## [WHAT TO WORK ON]
Copy out exactly the stretch of the listing below that begins at the line containing "#144=CIRCLE('',#143,32.5);" and ends at the line containing "#153=FACE_BOUND('',#152,.T.);", and copy nothing outside it.

## [AVAILABLE DATA]
:::

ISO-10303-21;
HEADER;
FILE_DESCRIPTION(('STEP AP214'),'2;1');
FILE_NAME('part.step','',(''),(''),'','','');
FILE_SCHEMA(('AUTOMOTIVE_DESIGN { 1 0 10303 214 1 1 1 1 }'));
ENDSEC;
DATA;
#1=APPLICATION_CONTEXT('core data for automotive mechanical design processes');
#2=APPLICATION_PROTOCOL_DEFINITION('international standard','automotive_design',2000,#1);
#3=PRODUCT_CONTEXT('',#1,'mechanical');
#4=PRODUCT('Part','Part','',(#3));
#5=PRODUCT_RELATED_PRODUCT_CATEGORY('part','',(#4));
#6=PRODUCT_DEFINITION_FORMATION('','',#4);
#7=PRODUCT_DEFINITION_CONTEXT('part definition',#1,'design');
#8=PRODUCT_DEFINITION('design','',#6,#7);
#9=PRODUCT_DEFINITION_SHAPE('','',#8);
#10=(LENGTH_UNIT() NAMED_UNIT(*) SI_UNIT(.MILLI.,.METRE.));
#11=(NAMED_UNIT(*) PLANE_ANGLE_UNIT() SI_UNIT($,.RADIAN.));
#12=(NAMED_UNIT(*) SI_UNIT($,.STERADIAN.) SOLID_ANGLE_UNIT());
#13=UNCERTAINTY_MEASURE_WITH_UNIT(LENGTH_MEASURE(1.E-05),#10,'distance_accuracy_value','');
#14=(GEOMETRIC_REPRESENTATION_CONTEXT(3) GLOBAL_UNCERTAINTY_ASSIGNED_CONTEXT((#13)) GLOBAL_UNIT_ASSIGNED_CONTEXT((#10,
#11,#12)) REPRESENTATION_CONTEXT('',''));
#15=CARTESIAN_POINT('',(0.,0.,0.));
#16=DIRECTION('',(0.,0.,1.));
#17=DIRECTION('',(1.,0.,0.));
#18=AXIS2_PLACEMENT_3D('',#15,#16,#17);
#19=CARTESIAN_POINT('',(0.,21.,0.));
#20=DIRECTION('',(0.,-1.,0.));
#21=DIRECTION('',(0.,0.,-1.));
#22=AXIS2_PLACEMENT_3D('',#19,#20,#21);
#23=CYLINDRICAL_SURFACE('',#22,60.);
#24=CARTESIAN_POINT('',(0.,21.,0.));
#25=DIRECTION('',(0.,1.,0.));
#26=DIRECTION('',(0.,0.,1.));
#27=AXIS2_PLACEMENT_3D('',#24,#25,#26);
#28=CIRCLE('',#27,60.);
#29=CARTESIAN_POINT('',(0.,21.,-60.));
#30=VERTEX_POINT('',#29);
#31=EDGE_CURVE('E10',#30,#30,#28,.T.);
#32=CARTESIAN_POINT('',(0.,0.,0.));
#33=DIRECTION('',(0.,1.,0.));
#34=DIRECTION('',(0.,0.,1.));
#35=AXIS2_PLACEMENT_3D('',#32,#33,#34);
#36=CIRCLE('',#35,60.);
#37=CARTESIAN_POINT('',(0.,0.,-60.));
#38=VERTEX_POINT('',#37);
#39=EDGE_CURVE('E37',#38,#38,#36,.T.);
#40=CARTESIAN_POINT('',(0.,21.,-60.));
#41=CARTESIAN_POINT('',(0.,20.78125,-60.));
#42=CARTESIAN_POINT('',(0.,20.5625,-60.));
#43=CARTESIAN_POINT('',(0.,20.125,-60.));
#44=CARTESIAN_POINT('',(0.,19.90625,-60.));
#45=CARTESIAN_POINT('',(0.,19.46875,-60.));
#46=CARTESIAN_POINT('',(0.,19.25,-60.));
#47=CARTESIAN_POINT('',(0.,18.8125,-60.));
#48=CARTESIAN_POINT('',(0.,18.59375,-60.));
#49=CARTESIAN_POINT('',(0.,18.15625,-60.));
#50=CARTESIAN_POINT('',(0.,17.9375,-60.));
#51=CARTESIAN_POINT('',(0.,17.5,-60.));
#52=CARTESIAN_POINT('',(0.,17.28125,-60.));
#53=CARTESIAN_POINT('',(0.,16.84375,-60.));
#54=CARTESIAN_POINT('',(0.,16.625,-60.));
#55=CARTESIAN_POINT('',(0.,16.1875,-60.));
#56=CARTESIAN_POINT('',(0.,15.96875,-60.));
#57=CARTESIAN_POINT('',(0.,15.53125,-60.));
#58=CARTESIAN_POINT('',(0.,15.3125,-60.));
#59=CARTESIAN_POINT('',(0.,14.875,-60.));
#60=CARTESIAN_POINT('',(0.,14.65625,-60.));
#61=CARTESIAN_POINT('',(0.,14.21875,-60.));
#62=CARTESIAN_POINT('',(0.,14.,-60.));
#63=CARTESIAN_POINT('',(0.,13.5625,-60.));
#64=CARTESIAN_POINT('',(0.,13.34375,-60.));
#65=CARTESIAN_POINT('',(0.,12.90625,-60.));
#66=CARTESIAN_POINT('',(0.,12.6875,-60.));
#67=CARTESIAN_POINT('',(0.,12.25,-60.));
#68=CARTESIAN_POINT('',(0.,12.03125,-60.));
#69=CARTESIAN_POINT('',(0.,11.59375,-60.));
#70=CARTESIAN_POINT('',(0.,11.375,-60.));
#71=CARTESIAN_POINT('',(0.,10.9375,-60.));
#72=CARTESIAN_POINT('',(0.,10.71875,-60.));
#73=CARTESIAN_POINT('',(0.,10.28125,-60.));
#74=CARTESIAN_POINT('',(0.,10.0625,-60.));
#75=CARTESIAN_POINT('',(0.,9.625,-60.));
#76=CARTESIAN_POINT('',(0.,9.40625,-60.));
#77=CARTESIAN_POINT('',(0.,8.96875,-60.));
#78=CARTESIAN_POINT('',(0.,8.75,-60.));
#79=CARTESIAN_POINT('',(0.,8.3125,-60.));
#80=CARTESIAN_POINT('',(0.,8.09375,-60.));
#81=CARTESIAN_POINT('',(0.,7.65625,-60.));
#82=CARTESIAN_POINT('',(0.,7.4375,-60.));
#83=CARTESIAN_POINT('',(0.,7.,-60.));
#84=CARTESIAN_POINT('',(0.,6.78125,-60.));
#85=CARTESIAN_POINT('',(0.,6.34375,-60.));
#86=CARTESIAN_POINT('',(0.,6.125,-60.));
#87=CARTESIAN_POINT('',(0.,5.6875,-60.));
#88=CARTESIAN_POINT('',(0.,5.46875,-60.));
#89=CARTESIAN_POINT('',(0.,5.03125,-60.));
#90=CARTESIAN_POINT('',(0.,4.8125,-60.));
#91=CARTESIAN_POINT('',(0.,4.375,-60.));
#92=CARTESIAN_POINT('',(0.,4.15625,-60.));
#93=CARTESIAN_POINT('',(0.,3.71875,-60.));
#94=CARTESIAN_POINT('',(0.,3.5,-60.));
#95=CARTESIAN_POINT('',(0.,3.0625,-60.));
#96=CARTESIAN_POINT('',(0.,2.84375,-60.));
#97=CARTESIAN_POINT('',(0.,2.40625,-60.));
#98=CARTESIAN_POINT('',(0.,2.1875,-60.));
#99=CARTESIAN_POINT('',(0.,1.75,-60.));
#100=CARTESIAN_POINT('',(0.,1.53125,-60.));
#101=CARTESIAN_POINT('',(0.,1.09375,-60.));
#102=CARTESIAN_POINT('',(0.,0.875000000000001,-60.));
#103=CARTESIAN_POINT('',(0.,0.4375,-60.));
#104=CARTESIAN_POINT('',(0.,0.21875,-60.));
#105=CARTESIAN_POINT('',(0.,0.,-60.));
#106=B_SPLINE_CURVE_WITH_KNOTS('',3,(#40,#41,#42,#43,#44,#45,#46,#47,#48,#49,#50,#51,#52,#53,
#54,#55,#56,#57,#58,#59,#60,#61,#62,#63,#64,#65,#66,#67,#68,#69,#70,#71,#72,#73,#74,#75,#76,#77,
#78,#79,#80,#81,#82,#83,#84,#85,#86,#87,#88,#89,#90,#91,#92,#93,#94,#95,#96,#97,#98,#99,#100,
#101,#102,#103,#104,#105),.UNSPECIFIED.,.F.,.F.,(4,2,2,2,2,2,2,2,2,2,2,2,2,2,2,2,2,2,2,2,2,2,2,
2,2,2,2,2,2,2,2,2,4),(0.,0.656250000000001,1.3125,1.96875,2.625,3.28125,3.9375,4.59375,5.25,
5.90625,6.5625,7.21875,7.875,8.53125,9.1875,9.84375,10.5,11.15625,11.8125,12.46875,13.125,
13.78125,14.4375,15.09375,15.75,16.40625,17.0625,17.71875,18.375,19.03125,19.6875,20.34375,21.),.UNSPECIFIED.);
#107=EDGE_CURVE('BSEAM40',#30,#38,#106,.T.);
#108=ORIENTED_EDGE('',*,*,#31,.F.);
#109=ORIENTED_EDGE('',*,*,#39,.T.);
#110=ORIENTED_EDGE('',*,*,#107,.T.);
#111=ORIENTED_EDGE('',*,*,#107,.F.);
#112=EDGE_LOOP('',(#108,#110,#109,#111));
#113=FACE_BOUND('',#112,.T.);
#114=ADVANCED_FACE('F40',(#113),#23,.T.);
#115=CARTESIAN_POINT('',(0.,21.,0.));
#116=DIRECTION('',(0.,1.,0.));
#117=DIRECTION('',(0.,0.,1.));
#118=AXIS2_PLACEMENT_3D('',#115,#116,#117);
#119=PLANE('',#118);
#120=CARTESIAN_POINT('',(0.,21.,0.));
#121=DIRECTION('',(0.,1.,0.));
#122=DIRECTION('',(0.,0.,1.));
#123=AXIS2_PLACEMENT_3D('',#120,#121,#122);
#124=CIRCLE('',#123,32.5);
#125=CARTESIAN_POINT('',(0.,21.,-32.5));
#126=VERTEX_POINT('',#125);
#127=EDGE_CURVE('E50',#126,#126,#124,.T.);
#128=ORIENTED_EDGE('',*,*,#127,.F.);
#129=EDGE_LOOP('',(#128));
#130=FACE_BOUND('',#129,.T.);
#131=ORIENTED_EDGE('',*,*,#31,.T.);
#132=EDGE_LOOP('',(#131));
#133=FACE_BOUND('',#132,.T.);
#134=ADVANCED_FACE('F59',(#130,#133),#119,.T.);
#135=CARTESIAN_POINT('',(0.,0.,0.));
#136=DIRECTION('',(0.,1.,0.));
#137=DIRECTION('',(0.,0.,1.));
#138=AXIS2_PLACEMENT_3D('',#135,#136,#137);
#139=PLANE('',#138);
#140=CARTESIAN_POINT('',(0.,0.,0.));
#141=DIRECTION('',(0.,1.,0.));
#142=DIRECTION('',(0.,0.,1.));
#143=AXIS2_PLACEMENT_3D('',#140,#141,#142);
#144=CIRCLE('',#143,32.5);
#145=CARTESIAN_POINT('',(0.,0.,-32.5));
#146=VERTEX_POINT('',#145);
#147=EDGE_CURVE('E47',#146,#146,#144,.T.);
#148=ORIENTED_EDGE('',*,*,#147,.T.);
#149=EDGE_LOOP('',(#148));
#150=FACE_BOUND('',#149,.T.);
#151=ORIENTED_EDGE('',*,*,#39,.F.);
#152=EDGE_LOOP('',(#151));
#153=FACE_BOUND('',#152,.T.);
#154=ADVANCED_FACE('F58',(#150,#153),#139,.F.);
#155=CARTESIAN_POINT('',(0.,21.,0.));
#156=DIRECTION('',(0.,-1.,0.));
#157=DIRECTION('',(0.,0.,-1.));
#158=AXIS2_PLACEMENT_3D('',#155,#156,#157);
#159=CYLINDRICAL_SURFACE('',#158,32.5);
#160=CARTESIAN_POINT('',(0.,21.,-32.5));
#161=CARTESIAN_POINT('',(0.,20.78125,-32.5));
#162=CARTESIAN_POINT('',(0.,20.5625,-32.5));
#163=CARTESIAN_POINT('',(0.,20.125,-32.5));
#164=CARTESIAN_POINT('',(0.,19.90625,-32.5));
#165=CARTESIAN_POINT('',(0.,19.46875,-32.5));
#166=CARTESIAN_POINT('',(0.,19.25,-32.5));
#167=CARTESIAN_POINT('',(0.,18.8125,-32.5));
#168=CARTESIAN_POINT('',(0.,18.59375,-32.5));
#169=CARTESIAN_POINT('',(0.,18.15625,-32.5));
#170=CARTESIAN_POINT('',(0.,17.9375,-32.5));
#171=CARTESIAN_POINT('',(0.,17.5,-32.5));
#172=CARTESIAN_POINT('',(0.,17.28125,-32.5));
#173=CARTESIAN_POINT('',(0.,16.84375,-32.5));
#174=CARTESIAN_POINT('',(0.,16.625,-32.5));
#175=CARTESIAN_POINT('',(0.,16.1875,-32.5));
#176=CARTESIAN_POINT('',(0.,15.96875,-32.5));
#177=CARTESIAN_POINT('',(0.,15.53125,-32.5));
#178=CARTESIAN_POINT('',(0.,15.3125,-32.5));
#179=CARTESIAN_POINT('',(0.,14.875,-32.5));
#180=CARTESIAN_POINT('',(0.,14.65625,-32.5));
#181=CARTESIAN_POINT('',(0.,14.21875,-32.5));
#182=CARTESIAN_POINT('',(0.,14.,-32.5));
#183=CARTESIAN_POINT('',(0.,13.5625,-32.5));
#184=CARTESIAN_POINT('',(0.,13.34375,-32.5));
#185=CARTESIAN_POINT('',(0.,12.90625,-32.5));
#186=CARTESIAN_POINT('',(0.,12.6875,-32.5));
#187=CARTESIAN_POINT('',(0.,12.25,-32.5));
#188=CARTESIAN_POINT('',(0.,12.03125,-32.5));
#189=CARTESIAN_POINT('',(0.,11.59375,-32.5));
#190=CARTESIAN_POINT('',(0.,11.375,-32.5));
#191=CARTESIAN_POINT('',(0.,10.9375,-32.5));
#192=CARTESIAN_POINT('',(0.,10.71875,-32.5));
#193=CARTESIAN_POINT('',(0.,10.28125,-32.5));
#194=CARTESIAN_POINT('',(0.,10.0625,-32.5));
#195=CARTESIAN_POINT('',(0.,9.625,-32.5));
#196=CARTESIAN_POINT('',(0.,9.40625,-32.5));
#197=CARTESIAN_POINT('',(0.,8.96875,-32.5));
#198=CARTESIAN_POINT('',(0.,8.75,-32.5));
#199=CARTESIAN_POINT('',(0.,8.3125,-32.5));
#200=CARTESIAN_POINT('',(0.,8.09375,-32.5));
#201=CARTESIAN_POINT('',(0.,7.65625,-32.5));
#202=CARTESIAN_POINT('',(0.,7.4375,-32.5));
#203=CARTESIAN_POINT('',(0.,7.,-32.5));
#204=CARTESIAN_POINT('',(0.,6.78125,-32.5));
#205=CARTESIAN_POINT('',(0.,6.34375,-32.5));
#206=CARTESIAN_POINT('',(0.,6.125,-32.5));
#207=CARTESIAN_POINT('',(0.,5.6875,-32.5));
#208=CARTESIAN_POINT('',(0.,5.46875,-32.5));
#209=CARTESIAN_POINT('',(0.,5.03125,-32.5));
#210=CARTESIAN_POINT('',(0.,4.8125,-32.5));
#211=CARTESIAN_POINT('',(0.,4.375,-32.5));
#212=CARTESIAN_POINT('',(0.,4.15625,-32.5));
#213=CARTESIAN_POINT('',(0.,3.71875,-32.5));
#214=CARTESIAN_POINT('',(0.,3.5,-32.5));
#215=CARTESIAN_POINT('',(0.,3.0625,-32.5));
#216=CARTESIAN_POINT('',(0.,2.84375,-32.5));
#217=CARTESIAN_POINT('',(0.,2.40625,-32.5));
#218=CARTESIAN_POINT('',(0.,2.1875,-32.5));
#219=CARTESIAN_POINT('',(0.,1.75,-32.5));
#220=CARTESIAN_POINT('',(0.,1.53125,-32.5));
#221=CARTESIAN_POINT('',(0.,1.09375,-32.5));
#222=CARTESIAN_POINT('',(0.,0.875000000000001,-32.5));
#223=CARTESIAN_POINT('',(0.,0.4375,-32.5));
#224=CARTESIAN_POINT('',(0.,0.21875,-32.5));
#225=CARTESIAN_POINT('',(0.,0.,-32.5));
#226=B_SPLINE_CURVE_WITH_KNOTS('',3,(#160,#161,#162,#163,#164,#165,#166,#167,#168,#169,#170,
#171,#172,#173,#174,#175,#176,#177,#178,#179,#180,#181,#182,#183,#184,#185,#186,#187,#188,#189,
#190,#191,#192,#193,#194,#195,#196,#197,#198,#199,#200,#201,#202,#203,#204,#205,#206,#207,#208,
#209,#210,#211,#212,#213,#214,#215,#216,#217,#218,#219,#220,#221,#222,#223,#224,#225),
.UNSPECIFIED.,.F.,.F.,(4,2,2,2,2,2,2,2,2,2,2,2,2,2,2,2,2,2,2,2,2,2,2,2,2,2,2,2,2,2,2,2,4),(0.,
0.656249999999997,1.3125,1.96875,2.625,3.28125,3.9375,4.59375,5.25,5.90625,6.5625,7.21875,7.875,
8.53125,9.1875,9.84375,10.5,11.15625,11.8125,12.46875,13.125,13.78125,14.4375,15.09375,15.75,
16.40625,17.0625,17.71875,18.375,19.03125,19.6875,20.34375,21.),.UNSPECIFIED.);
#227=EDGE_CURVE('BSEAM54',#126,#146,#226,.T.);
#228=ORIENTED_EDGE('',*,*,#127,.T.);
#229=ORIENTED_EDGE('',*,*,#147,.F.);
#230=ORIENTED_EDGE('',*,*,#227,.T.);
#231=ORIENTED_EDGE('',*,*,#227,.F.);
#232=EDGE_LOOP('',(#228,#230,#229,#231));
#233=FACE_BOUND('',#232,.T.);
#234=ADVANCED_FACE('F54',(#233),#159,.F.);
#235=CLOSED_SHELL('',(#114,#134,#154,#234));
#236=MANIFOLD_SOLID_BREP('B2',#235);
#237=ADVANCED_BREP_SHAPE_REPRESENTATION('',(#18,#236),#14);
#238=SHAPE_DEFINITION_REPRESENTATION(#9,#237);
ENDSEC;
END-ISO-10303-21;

:::

## [OUTPUT FOR THIS EXERCISE]
#144=CIRCLE('',#143,32.5);
#145=CARTESIAN_POINT('',(0.,0.,-32.5));
#146=VERTEX_POINT('',#145);
#147=EDGE_CURVE('E47',#146,#146,#144,.T.);
#148=ORIENTED_EDGE('',*,*,#147,.T.);
#149=EDGE_LOOP('',(#148));
#150=FACE_BOUND('',#149,.T.);
#151=ORIENTED_EDGE('',*,*,#39,.F.);
#152=EDGE_LOOP('',(#151));
#153=FACE_BOUND('',#152,.T.);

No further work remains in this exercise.